Genetic regulation of microRNA transcripts

Genetic polymorphisms that affect miRNA levels can contribute to a wide range of target genes and phenotypes. We obtained SNP genotypes and assessed whole-genome miRNA expression in the liver to identify genetic variations that influence miRNA and mRNA targets related to immune and metabolic traits. A low number of cis-miRNA-eQTL was also reported in a study of primary fibroblasts derived from the umbilical cord [54]. Other reports of genetic regulation of miRNA expression in the skin revealed 42 eQTL for 38 miRNAs, all of which were trans-eQTL [20]. Trans-only miRNA eQTL in the liver have also been reported [21]. Other studies report a limited number of miRNA eQTLs in adipose tissue [55] and dendritic cells [18]. By contrast, an eQTL study of whole blood miRNAs from a large sample size revealed about 27% of miRNA with cis effects [19]. Compared with our previous study with eQTL of mRNA from the same samples, we found that about 75% of mRNA have cis effects [14]. In this study, we found miR-708 as cis-eQTL with the windows smaller than 1 Mb and the transcripts in the surrounding region also regulated with the same SNPs.

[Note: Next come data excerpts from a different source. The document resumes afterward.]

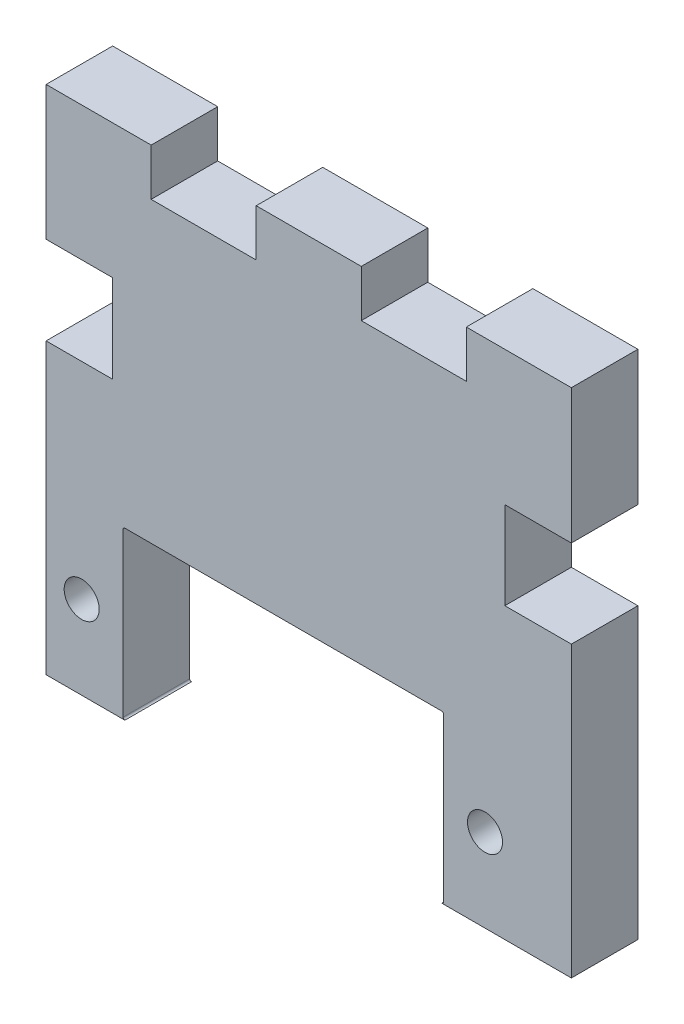
ISO-10303-21;
HEADER;
FILE_DESCRIPTION(('STEP AP214'),'2;1');
FILE_NAME('part.step','',(''),(''),'','','');
FILE_SCHEMA(('AUTOMOTIVE_DESIGN { 1 0 10303 214 1 1 1 1 }'));
ENDSEC;
DATA;
#1=APPLICATION_CONTEXT('core data for automotive mechanical design processes');
#2=APPLICATION_PROTOCOL_DEFINITION('international standard','automotive_design',2000,#1);
#3=PRODUCT_CONTEXT('',#1,'mechanical');
#4=PRODUCT('Part','Part','',(#3));
#5=PRODUCT_RELATED_PRODUCT_CATEGORY('part','',(#4));
#6=PRODUCT_DEFINITION_FORMATION('','',#4);
#7=PRODUCT_DEFINITION_CONTEXT('part definition',#1,'design');
#8=PRODUCT_DEFINITION('design','',#6,#7);
#9=PRODUCT_DEFINITION_SHAPE('','',#8);
#10=(LENGTH_UNIT() NAMED_UNIT(*) SI_UNIT(.MILLI.,.METRE.));
#11=(NAMED_UNIT(*) PLANE_ANGLE_UNIT() SI_UNIT($,.RADIAN.));
#12=(NAMED_UNIT(*) SI_UNIT($,.STERADIAN.) SOLID_ANGLE_UNIT());
#13=UNCERTAINTY_MEASURE_WITH_UNIT(LENGTH_MEASURE(1.E-05),#10,'distance_accuracy_value','');
#14=(GEOMETRIC_REPRESENTATION_CONTEXT(3) GLOBAL_UNCERTAINTY_ASSIGNED_CONTEXT((#13)) GLOBAL_UNIT_ASSIGNED_CONTEXT((#10,
#11,#12)) REPRESENTATION_CONTEXT('',''));
#15=CARTESIAN_POINT('',(0.,0.,0.));
#16=DIRECTION('',(0.,0.,1.));
#17=DIRECTION('',(1.,0.,0.));
#18=AXIS2_PLACEMENT_3D('',#15,#16,#17);
#19=CARTESIAN_POINT('',(38.1,0.,4.826));
#20=DIRECTION('',(-1.,0.,0.));
#21=DIRECTION('',(0.,-1.,0.));
#22=AXIS2_PLACEMENT_3D('',#19,#20,#21);
#23=PLANE('',#22);
#24=DIRECTION('',(0.,1.,0.));
#25=VECTOR('',#24,1.);
#26=CARTESIAN_POINT('',(38.1,0.,4.826));
#27=LINE('',#26,#25);
#28=CARTESIAN_POINT('',(38.1,27.3240988287207,4.826));
#29=VERTEX_POINT('',#28);
#30=CARTESIAN_POINT('',(38.1,37.084,4.826));
#31=VERTEX_POINT('',#30);
#32=EDGE_CURVE('E408',#29,#31,#27,.T.);
#33=ORIENTED_EDGE('',*,*,#32,.F.);
#34=DIRECTION('',(0.,0.,1.));
#35=VECTOR('',#34,1.);
#36=CARTESIAN_POINT('',(38.1,27.3240988287207,0.));
#37=LINE('',#36,#35);
#38=CARTESIAN_POINT('',(38.1,27.3240988287207,0.));
#39=VERTEX_POINT('',#38);
#40=EDGE_CURVE('E250',#39,#29,#37,.T.);
#41=ORIENTED_EDGE('',*,*,#40,.F.);
#42=DIRECTION('',(0.,1.,0.));
#43=VECTOR('',#42,1.);
#44=CARTESIAN_POINT('',(38.1,0.,0.));
#45=LINE('',#44,#43);
#46=CARTESIAN_POINT('',(38.1,37.084,0.));
#47=VERTEX_POINT('',#46);
#48=EDGE_CURVE('E425',#39,#47,#45,.T.);
#49=ORIENTED_EDGE('',*,*,#48,.T.);
#50=DIRECTION('',(0.,0.,-1.));
#51=VECTOR('',#50,1.);
#52=CARTESIAN_POINT('',(38.1,37.084,4.826));
#53=LINE('',#52,#51);
#54=EDGE_CURVE('E435',#31,#47,#53,.T.);
#55=ORIENTED_EDGE('',*,*,#54,.F.);
#56=EDGE_LOOP('',(#33,#41,#49,#55));
#57=FACE_BOUND('',#56,.T.);
#58=ADVANCED_FACE('F33',(#57),#23,.F.);
#59=CARTESIAN_POINT('',(0.,0.,4.826));
#60=DIRECTION('',(1.,0.,0.));
#61=DIRECTION('',(0.,1.,0.));
#62=AXIS2_PLACEMENT_3D('',#59,#60,#61);
#63=PLANE('',#62);
#64=DIRECTION('',(0.,-1.,0.));
#65=VECTOR('',#64,1.);
#66=CARTESIAN_POINT('',(0.,0.,0.));
#67=LINE('',#66,#65);
#68=CARTESIAN_POINT('',(0.,37.084,0.));
#69=VERTEX_POINT('',#68);
#70=CARTESIAN_POINT('',(0.,27.354532370822,0.));
#71=VERTEX_POINT('',#70);
#72=EDGE_CURVE('E418',#69,#71,#67,.T.);
#73=ORIENTED_EDGE('',*,*,#72,.T.);
#74=DIRECTION('',(0.,0.,1.));
#75=VECTOR('',#74,1.);
#76=CARTESIAN_POINT('',(0.,27.354532370822,0.));
#77=LINE('',#76,#75);
#78=CARTESIAN_POINT('',(0.,27.354532370822,4.826));
#79=VERTEX_POINT('',#78);
#80=EDGE_CURVE('E268',#71,#79,#77,.T.);
#81=ORIENTED_EDGE('',*,*,#80,.T.);
#82=DIRECTION('',(0.,-1.,0.));
#83=VECTOR('',#82,1.);
#84=CARTESIAN_POINT('',(0.,0.,4.826));
#85=LINE('',#84,#83);
#86=CARTESIAN_POINT('',(0.,37.084,4.826));
#87=VERTEX_POINT('',#86);
#88=EDGE_CURVE('E400',#87,#79,#85,.T.);
#89=ORIENTED_EDGE('',*,*,#88,.F.);
#90=DIRECTION('',(0.,0.,-1.));
#91=VECTOR('',#90,1.);
#92=CARTESIAN_POINT('',(0.,37.084,4.826));
#93=LINE('',#92,#91);
#94=EDGE_CURVE('E416',#87,#69,#93,.T.);
#95=ORIENTED_EDGE('',*,*,#94,.T.);
#96=EDGE_LOOP('',(#73,#81,#89,#95));
#97=FACE_BOUND('',#96,.T.);
#98=ADVANCED_FACE('F497',(#97),#63,.F.);
#99=CARTESIAN_POINT('',(0.,37.084,4.826));
#100=DIRECTION('',(0.,-1.,0.));
#101=DIRECTION('',(0.,0.,-1.));
#102=AXIS2_PLACEMENT_3D('',#99,#100,#101);
#103=PLANE('',#102);
#104=DIRECTION('',(-1.,0.,0.));
#105=VECTOR('',#104,1.);
#106=CARTESIAN_POINT('',(0.,37.084,4.826));
#107=LINE('',#106,#105);
#108=CARTESIAN_POINT('',(22.86,37.084,4.826));
#109=VERTEX_POINT('',#108);
#110=CARTESIAN_POINT('',(15.24,37.084,4.826));
#111=VERTEX_POINT('',#110);
#112=EDGE_CURVE('E417',#109,#111,#107,.T.);
#113=ORIENTED_EDGE('',*,*,#112,.F.);
#114=DIRECTION('',(0.,0.,1.));
#115=VECTOR('',#114,1.);
#116=CARTESIAN_POINT('',(22.86,37.084,0.));
#117=LINE('',#116,#115);
#118=CARTESIAN_POINT('',(22.86,37.084,0.));
#119=VERTEX_POINT('',#118);
#120=EDGE_CURVE('E294',#119,#109,#117,.T.);
#121=ORIENTED_EDGE('',*,*,#120,.F.);
#122=DIRECTION('',(-1.,0.,0.));
#123=VECTOR('',#122,1.);
#124=CARTESIAN_POINT('',(0.,37.084,0.));
#125=LINE('',#124,#123);
#126=CARTESIAN_POINT('',(15.24,37.084,0.));
#127=VERTEX_POINT('',#126);
#128=EDGE_CURVE('E432',#119,#127,#125,.T.);
#129=ORIENTED_EDGE('',*,*,#128,.T.);
#130=DIRECTION('',(0.,0.,1.));
#131=VECTOR('',#130,1.);
#132=CARTESIAN_POINT('',(15.24,37.084,0.));
#133=LINE('',#132,#131);
#134=EDGE_CURVE('E324',#127,#111,#133,.T.);
#135=ORIENTED_EDGE('',*,*,#134,.T.);
#136=EDGE_LOOP('',(#113,#121,#129,#135));
#137=FACE_BOUND('',#136,.T.);
#138=ADVANCED_FACE('F508',(#137),#103,.F.);
#139=CARTESIAN_POINT('',(7.61999999999999,37.084,4.826));
#140=VERTEX_POINT('',#139);
#141=EDGE_CURVE('E412',#140,#87,#107,.T.);
#142=ORIENTED_EDGE('',*,*,#141,.F.);
#143=DIRECTION('',(0.,0.,1.));
#144=VECTOR('',#143,1.);
#145=CARTESIAN_POINT('',(7.61999999999999,37.084,0.));
#146=LINE('',#145,#144);
#147=CARTESIAN_POINT('',(7.61999999999999,37.084,0.));
#148=VERTEX_POINT('',#147);
#149=EDGE_CURVE('E321',#148,#140,#146,.T.);
#150=ORIENTED_EDGE('',*,*,#149,.F.);
#151=EDGE_CURVE('E428',#148,#69,#125,.T.);
#152=ORIENTED_EDGE('',*,*,#151,.T.);
#153=ORIENTED_EDGE('',*,*,#94,.F.);
#154=EDGE_LOOP('',(#142,#150,#152,#153));
#155=FACE_BOUND('',#154,.T.);
#156=ADVANCED_FACE('F521',(#155),#103,.F.);
#157=CARTESIAN_POINT('',(0.,0.,4.826));
#158=DIRECTION('',(0.,1.,0.));
#159=DIRECTION('',(0.,0.,1.));
#160=AXIS2_PLACEMENT_3D('',#157,#158,#159);
#161=PLANE('',#160);
#162=DIRECTION('',(0.,0.,-1.));
#163=VECTOR('',#162,1.);
#164=CARTESIAN_POINT('',(5.71500000000001,0.,4.826));
#165=LINE('',#164,#163);
#166=CARTESIAN_POINT('',(5.71500000000001,0.,4.826));
#167=VERTEX_POINT('',#166);
#168=CARTESIAN_POINT('',(5.71500000000001,0.,0.));
#169=VERTEX_POINT('',#168);
#170=EDGE_CURVE('E379',#167,#169,#165,.T.);
#171=ORIENTED_EDGE('',*,*,#170,.F.);
#172=DIRECTION('',(1.,0.,0.));
#173=VECTOR('',#172,1.);
#174=CARTESIAN_POINT('',(0.,0.,4.826));
#175=LINE('',#174,#173);
#176=CARTESIAN_POINT('',(0.,0.,4.826));
#177=VERTEX_POINT('',#176);
#178=EDGE_CURVE('E405',#177,#167,#175,.T.);
#179=ORIENTED_EDGE('',*,*,#178,.F.);
#180=DIRECTION('',(0.,0.,-1.));
#181=VECTOR('',#180,1.);
#182=CARTESIAN_POINT('',(0.,0.,4.826));
#183=LINE('',#182,#181);
#184=CARTESIAN_POINT('',(0.,0.,0.));
#185=VERTEX_POINT('',#184);
#186=EDGE_CURVE('E11',#177,#185,#183,.T.);
#187=ORIENTED_EDGE('',*,*,#186,.T.);
#188=DIRECTION('',(1.,0.,0.));
#189=VECTOR('',#188,1.);
#190=CARTESIAN_POINT('',(0.,0.,0.));
#191=LINE('',#190,#189);
#192=EDGE_CURVE('E422',#185,#169,#191,.T.);
#193=ORIENTED_EDGE('',*,*,#192,.T.);
#194=EDGE_LOOP('',(#171,#179,#187,#193));
#195=FACE_BOUND('',#194,.T.);
#196=ADVANCED_FACE('F480',(#195),#161,.F.);
#197=CARTESIAN_POINT('',(0.,20.9740988287207,4.826));
#198=VERTEX_POINT('',#197);
#199=EDGE_CURVE('E404',#198,#177,#85,.T.);
#200=ORIENTED_EDGE('',*,*,#199,.F.);
#201=DIRECTION('',(0.,0.,1.));
#202=VECTOR('',#201,1.);
#203=CARTESIAN_POINT('',(0.,20.9740988287207,0.));
#204=LINE('',#203,#202);
#205=CARTESIAN_POINT('',(0.,20.9740988287207,0.));
#206=VERTEX_POINT('',#205);
#207=EDGE_CURVE('E261',#206,#198,#204,.T.);
#208=ORIENTED_EDGE('',*,*,#207,.F.);
#209=EDGE_CURVE('E397',#206,#185,#67,.T.);
#210=ORIENTED_EDGE('',*,*,#209,.T.);
#211=ORIENTED_EDGE('',*,*,#186,.F.);
#212=EDGE_LOOP('',(#200,#208,#210,#211));
#213=FACE_BOUND('',#212,.T.);
#214=ADVANCED_FACE('F35',(#213),#63,.F.);
#215=CARTESIAN_POINT('',(28.702,0.,4.826));
#216=VERTEX_POINT('',#215);
#217=CARTESIAN_POINT('',(38.1,0.,4.826));
#218=VERTEX_POINT('',#217);
#219=EDGE_CURVE('E403',#216,#218,#175,.T.);
#220=ORIENTED_EDGE('',*,*,#219,.F.);
#221=DIRECTION('',(0.,0.,-1.));
#222=VECTOR('',#221,1.);
#223=CARTESIAN_POINT('',(28.702,0.,4.826));
#224=LINE('',#223,#222);
#225=CARTESIAN_POINT('',(28.702,0.,0.));
#226=VERTEX_POINT('',#225);
#227=EDGE_CURVE('E381',#216,#226,#224,.T.);
#228=ORIENTED_EDGE('',*,*,#227,.T.);
#229=CARTESIAN_POINT('',(38.1,0.,0.));
#230=VERTEX_POINT('',#229);
#231=EDGE_CURVE('E421',#226,#230,#191,.T.);
#232=ORIENTED_EDGE('',*,*,#231,.T.);
#233=DIRECTION('',(0.,0.,-1.));
#234=VECTOR('',#233,1.);
#235=CARTESIAN_POINT('',(38.1,0.,4.826));
#236=LINE('',#235,#234);
#237=EDGE_CURVE('E41',#218,#230,#236,.T.);
#238=ORIENTED_EDGE('',*,*,#237,.F.);
#239=EDGE_LOOP('',(#220,#228,#232,#238));
#240=FACE_BOUND('',#239,.T.);
#241=ADVANCED_FACE('F447',(#240),#161,.F.);
#242=CARTESIAN_POINT('',(38.1,20.9740988287207,0.));
#243=VERTEX_POINT('',#242);
#244=EDGE_CURVE('E426',#230,#243,#45,.T.);
#245=ORIENTED_EDGE('',*,*,#244,.T.);
#246=DIRECTION('',(0.,0.,1.));
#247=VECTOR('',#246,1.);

Based on the synteny between the human and pig genome and the discovery of other transcripts in this region regulated with the same SNPs, we expected miR-34a to be cis-eQTL. Five other miR (miR-30e, miR-19a, miR-4507, miR-27d and let-7 g) were associated with SNPs on the same chromosome. Other miRNA (like miR-652) are still unmapped (NW_003539729) in the pig chromosome. Most of the miRNA-eQTL in this study were identified as trans-eQTL. We identified a number of miRNA that were correlated with haematological and biochemical traits. Since miRNAs can target many mRNAs, the effect of genetic variants on miRNA expression can play an important role in complex phenotypes mediated by various target genes.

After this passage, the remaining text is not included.